Summary
A broken access control vulnerability in Gogs allows authenticated users with write access to any repository to modify labels belonging to other repositories. The UpdateLabel function in the Web UI (internal/route/repo/issue.go) fails to verify that the label being modified belongs to the repository specified in the URL path, enabling cross-repository label tampering attacks.
Details
The vulnerability exists in the Web UI's label update endpoint POST /:username/:reponame/labels/edit. The handler function UpdateLabel uses an incorrect database query function that bypasses repository ownership validation:
Vulnerable Code (internal/route/repo/issue.go:1040-1054):
func UpdateLabel(c *context.Context, f form.CreateLabel) {
l, err := database.GetLabelByID(f.ID) // ❌ No repository validation
if err != nil {
c.NotFoundOrError(err, "get label by ID")
return
}
// ❌ Missing validation: l.RepoID != c.Repo.Repository.ID
l.Name = f.Title
l.Color = f.Color
if err := database.UpdateLabel(l); err != nil {
c.Error(err, "update label")
return
}
c.RawRedirect(c.Repo.MakeURL("labels"))
}
Root Cause:
- The function calls
database.GetLabelByID(f.ID) which internally passes repoID=0 to the ORM layer
- According to code comments in
internal/database/issue_label.go:147-166, passing repoID=0 causes the ORM to ignore repository restrictions
- No validation checks whether
l.RepoID == c.Repo.Repository.ID before updating
- The middleware
reqRepoWriter() only validates write access to the repository in the URL path, not the label's actual repository
Inconsistency with Other Functions:
NewLabel: Correctly sets RepoID = c.Repo.Repository.ID
DeleteLabel: Correctly uses database.DeleteLabel(c.Repo.Repository.ID, id)
- API
EditLabel: Correctly uses database.GetLabelOfRepoByID(c.Repo.Repository.ID, id)
- Only
UpdateLabel in Web UI uses the vulnerable pattern
PoC
Prerequisites:
- Two user accounts: Alice (attacker) and Bob (victim)

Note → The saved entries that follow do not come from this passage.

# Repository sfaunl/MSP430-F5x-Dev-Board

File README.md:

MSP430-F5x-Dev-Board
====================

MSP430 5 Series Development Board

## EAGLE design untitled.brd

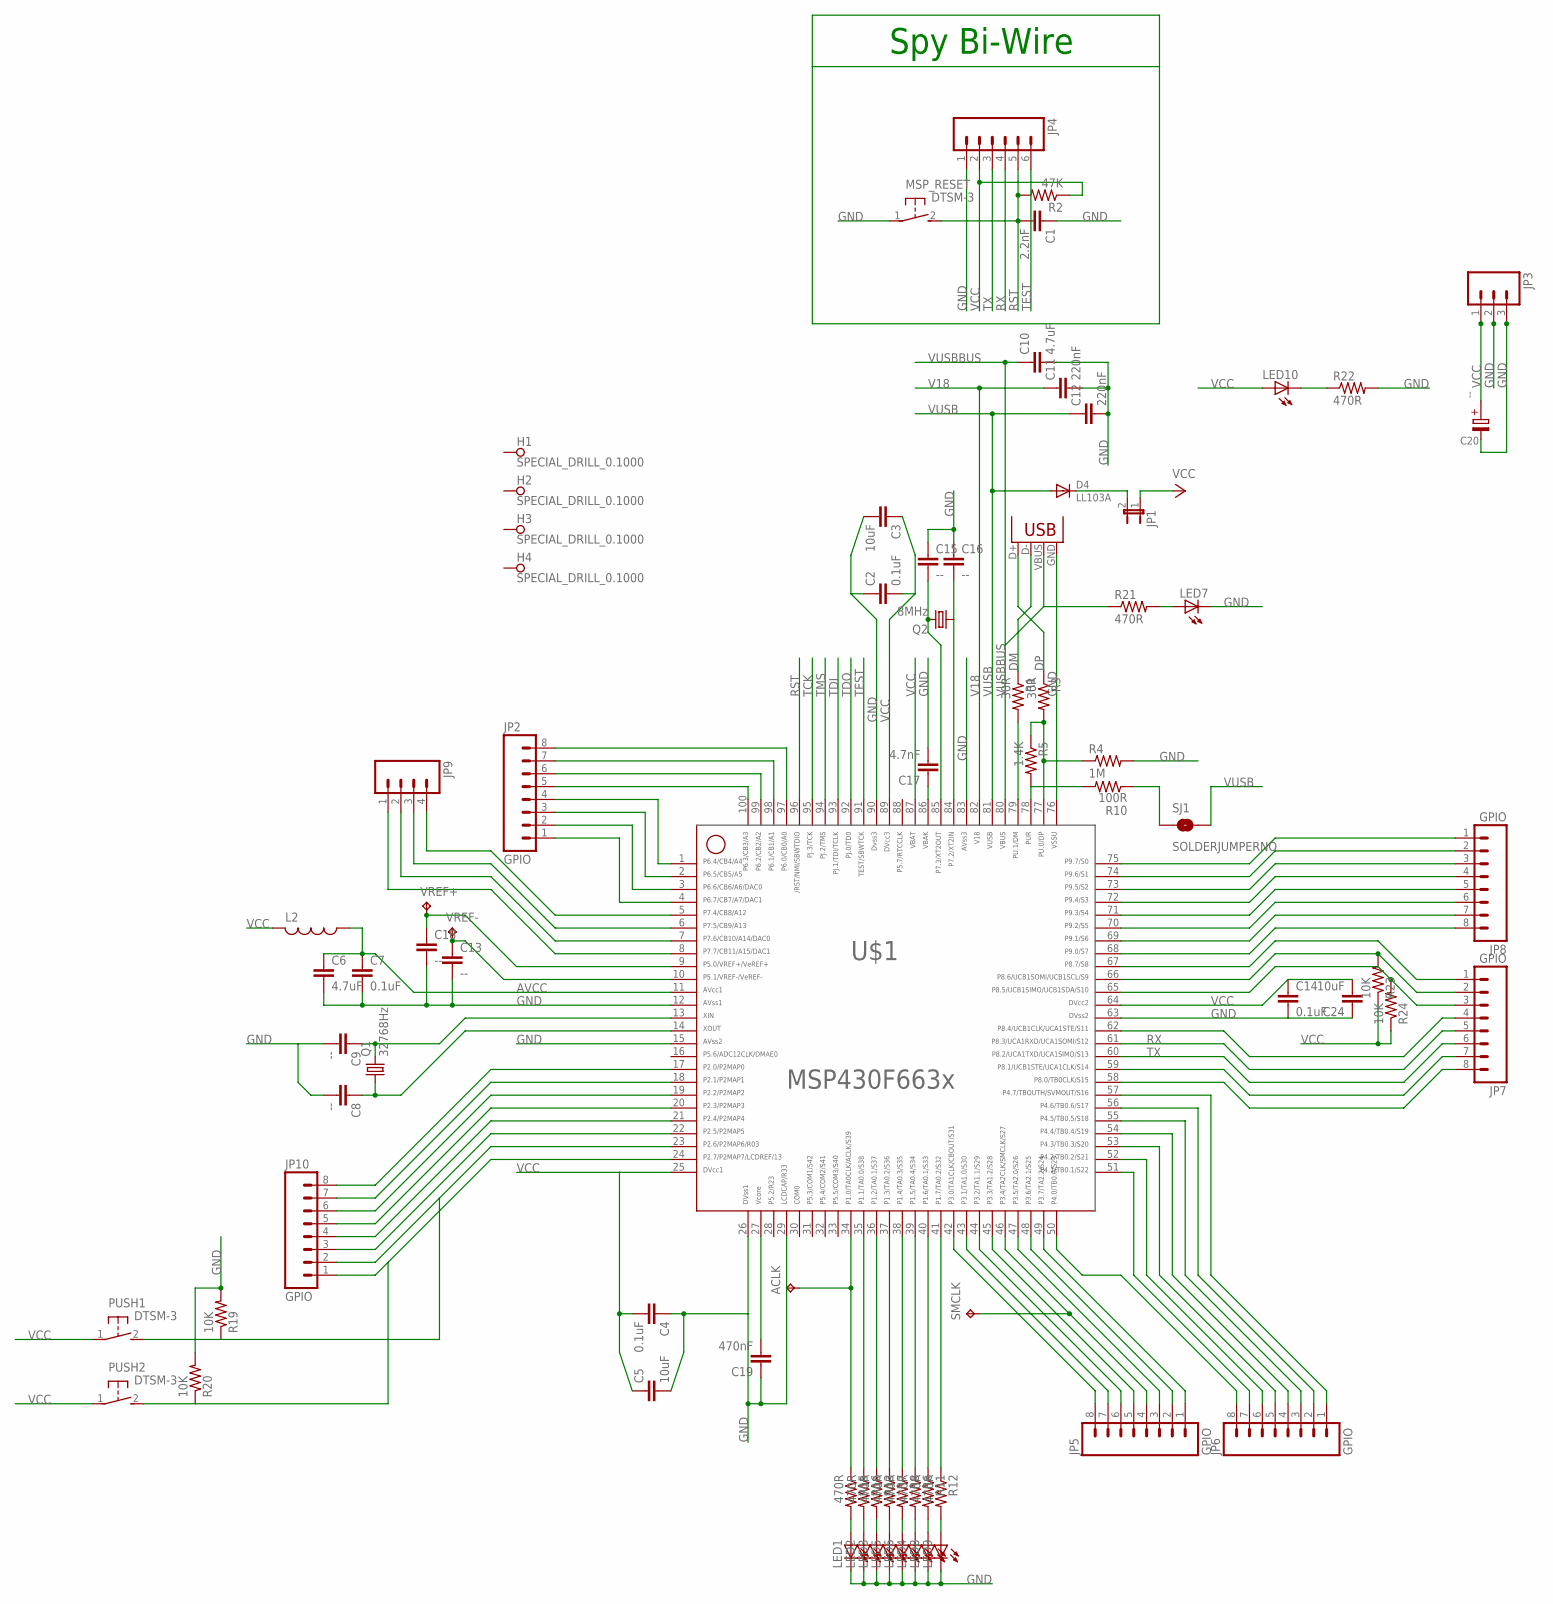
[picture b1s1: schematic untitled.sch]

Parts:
ACLK: TPB1,27; B1,27
C1: 2.2nF; 0805
C2, C4, C7, C14: 0.1uF; 0805
C3, C5, C24: 10uF; 0805
C6, C10: 4.7uF; 0805
C8, C9, C13, C15, C16, C18: --; 0805
C11, C12: 220nF; 0805
C17: 4.7nF; 0805
C19: 470nF; 0805
C20: --; 1210ELKO
D4: LL103A; SOD-80
H1, H2, H3, H4: SPECIAL_DRILL_0.1000; PAD_0.1000
JP1: JP1E; JP1
JP2, JP5, JP6, JP7, JP8, JP10: GPIO; 1X08
JP3: M03PTH; 1X03
JP4: M06SIP; 1X06
JP9: M04PTH; 1X04
L2: L-USL2012C; L2012C
LED1, LED2, LED3, LED4, LED5, LED6, LED7, LED8, LED9, LED10: LEDCHIPLED_0805; CHIPLED_0805
MSP_RESET: DTSM-3
PUSH1, PUSH2: DTSM-3
Q1: 32768Hz; TC26H
Q2: 8MHz; HC49U-V
R1, R3: 30R; M0805
R2: 47K; M0805
R4: 1M; M0805
R5: 1.4K; M0805
R6, R7, R8, R11, R12, R13, R15, R16, R21, R22: 470R; R0603
R10: 100R; R0603
R19, R20, R23, R24: 10K; M0805
SJ1: SOLDERJUMPERNO; SJ_2S-NO
SMCLK: TPB1,27; B1,27
U$1: F66XX---PZ100; PZ100
VREF+: TPB1,27; B1,27
VREF-: TPB1,27; B1,27
X1: USBSMD; USB-MINIB

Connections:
AVCC: C6.1, C7.1, L2.1, U$1.11
DM: R1.1, X1.D-
DP: R3.1, X1.D+
GND: C1.1, C2.1, C3.2, C4.1, C5.2, C6.2, C7.2, C8.2, C9.2, C10.2, C11.2, C12.2, C13.2, C14.2, C15.1, C16.1, C17.2, C18.2, C19.1, C20.-, C24.1, JP3.2, JP3.3, JP4.1, LED1.C, LED2.C, LED3.C, LED4.C, LED5.C, LED6.C, LED7.C, LED8.C, LED9.C, MSP_RESET.1, R4.2, R19.2, R20.2, R22.2, U$1.12, U$1.15, U$1.26, U$1.29, U$1.63, U$1.76, U$1.83, U$1.90, X1.GND
unnamed: R1.2, U$1.79
unnamed: R3.2, R4.1, R5.1, U$1.77
unnamed: R5.2, R10.2, U$1.78
unnamed: C9.1, Q1.2, U$1.13
unnamed: C8.1, Q1.1, U$1.14
unnamed: JP10.7, U$1.18
unnamed: R10.1, SJ1.1
unnamed: D4.2 (K), JP1.2
unnamed: R11.1, U$1.40
unnamed: C13.1, U$1.10, VREF-.TP
unnamed: LED2.A, R16.2
unnamed: C18.1, U$1.9, VREF+.TP
unnamed: R12.1, U$1.41
unnamed: C19.2, U$1.27
unnamed: R6.1, U$1.39
unnamed: R8.1, U$1.38
unnamed: R7.1, U$1.37
unnamed: JP2.5, U$1.100
unnamed: R16.1, U$1.35
unnamed: JP2.6, U$1.99
unnamed: LED4.A, R6.2
unnamed: LED3.A, R13.2
unnamed: JP2.7, U$1.98
unnamed: LED5.A, R7.2
unnamed: LED6.A, R8.2
unnamed: JP2.8, U$1.97
unnamed: JP2.4, U$1.1
unnamed: R13.1, U$1.36
unnamed: JP2.3, U$1.2
unnamed: LED1.A, R15.2
unnamed: JP2.2, U$1.3
unnamed: LED8.A, R11.2
unnamed: LED7.A, R21.2
unnamed: ACLK.TP, R15.1, U$1.34
unnamed: JP10.6, U$1.19
unnamed: LED9.A, R12.2
unnamed: JP2.1, U$1.4
unnamed: JP9.4, U$1.5
unnamed: JP9.3, U$1.6
unnamed: JP9.2, U$1.7
unnamed: JP9.1, U$1.8
unnamed: JP5.8, U$1.42
unnamed: JP5.7, U$1.43
unnamed: JP5.6, U$1.44
unnamed: JP5.5, U$1.45
unnamed: JP5.4, SMCLK.TP, U$1.46
unnamed: JP5.3, U$1.47
unnamed: JP5.2, U$1.48
unnamed: JP5.1, U$1.49
unnamed: JP6.8, U$1.50
unnamed: JP6.7, U$1.51
unnamed: JP6.6, U$1.52
unnamed: JP6.5, U$1.53
unnamed: JP6.4, U$1.54
unnamed: JP6.3, U$1.55
unnamed: JP6.2, U$1.56
unnamed: JP6.1, U$1.57
unnamed: C16.2, Q2.1, U$1.84
unnamed: C15.2, Q2.2, U$1.85
unnamed: C17.1, U$1.86
unnamed: LED10.C, R22.1
unnamed: JP10.5, U$1.20
unnamed: JP7.8, U$1.58
unnamed: JP7.7, U$1.59
unnamed: JP10.2, PUSH1.2, R19.1, U$1.23
unnamed: JP7.4, U$1.62
unnamed: JP7.3, R24.2, U$1.65
unnamed: JP7.2, R23.2, U$1.66
unnamed: JP7.1, U$1.67
unnamed: JP8.8, U$1.68
unnamed: JP8.7, U$1.69
unnamed: JP8.6, U$1.70
unnamed: JP8.5, U$1.71
unnamed: JP10.1, PUSH2.2, R20.1, U$1.24
unnamed: JP8.4, U$1.72
unnamed: JP8.3, U$1.73
unnamed: JP8.2, U$1.74
unnamed: JP8.1, U$1.75
unnamed: JP10.8, U$1.17
unnamed: JP10.4, U$1.21
unnamed: JP10.3, U$1.22
RST: C1.2, JP4.5, MSP_RESET.2, R2.2, U$1.96
RX: JP4.4, JP7.5, U$1.61
TCK: U$1.95
TDI: U$1.93
TDO: U$1.92
TEST: JP4.6, U$1.91
TMS: U$1.94
TX: JP4.3, JP7.6, U$1.60
V18: C11.1, U$1.82
VCC: C2.2, C3.1, C4.2, C5.1, C14.1, C20.+, C24.2, JP1.1, JP3.1, JP4.2, L2.2, LED10.A, PUSH1.1, PUSH2.1, R2.1, R23.1, R24.1, U$1.25, U$1.64, U$1.87, U$1.89
VUSB: C12.1, D4.1 (A), SJ1.2, U$1.81
VUSBBUS: C10.1, R21.1, U$1.80, X1.VBUS

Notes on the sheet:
Spy Bi-Wire

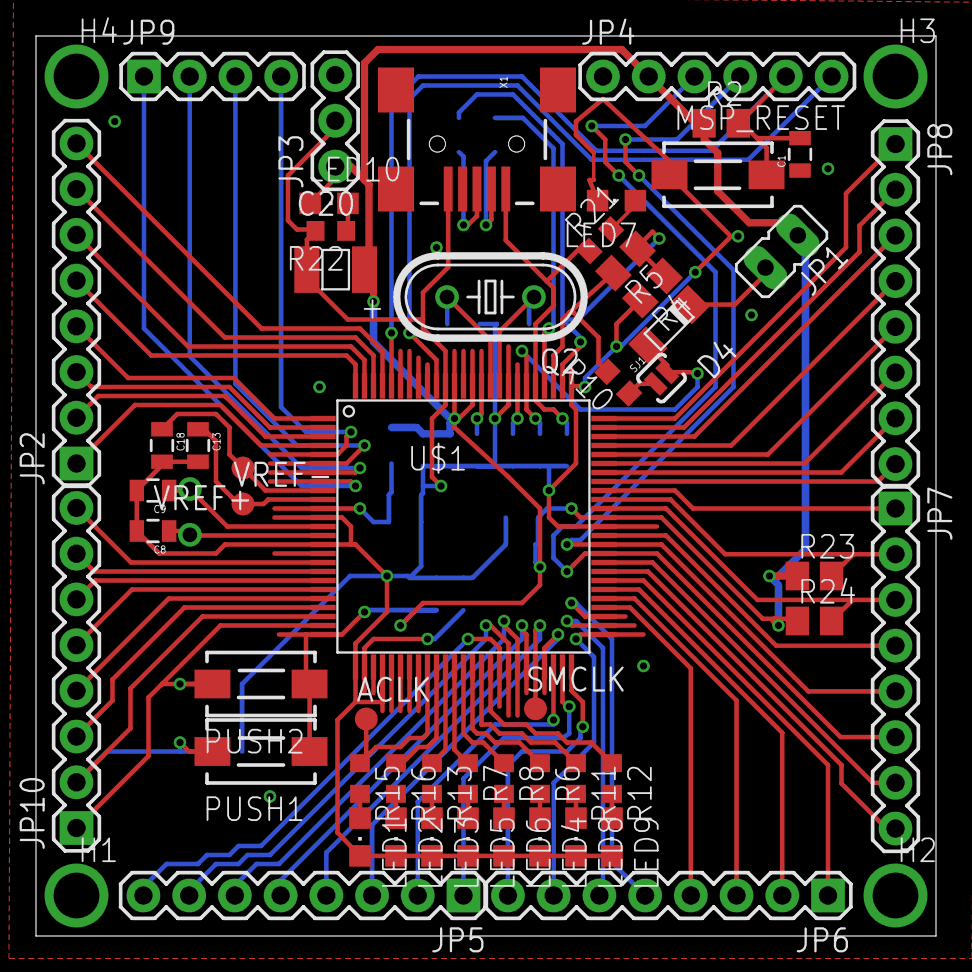
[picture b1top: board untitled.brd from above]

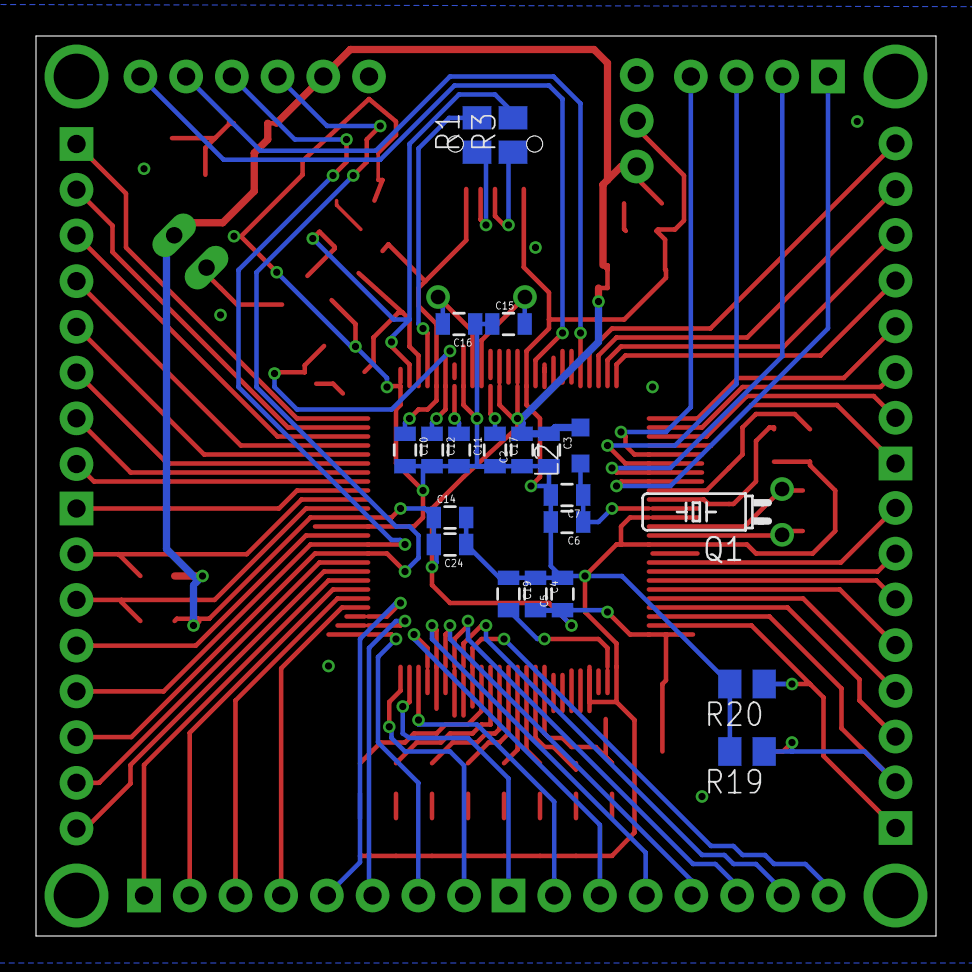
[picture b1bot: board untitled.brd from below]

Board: 2 copper layers, 50.0 x 50.0 mm, 79 parts (21 on the bottom side), 93 nets.

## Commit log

2014-03-31 First Version.
2023-01-12 remove unnecessary files

- alice has written access to repo-a
- Bob owns repo-b with labels
Step 1: Identify Target Label ID
- Login as bob, navigate to bob/repo-b/labels
- Open browser DevTools (F12) → Network tab
- Click edit on any label
- Observe the form data: id=<LABEL_ID>
- Example: id=1
Step 2: Execute Attack
# Login as alice, get session cookie
# Open DevTools → Application → Cookies → i_like_gogs
# Copy the cookie value
# Send malicious request
curl -X POST "http://localhost:3000/alice/repo-a/labels/edit" \
-H "Cookie: i_like_gogs=<ALICE_SESSION_COOKIE>" \
-H "Content-Type: application/x-www-form-urlencoded" \
-d "id=1&title=HACKED-BY-ALICE&color=%23000000"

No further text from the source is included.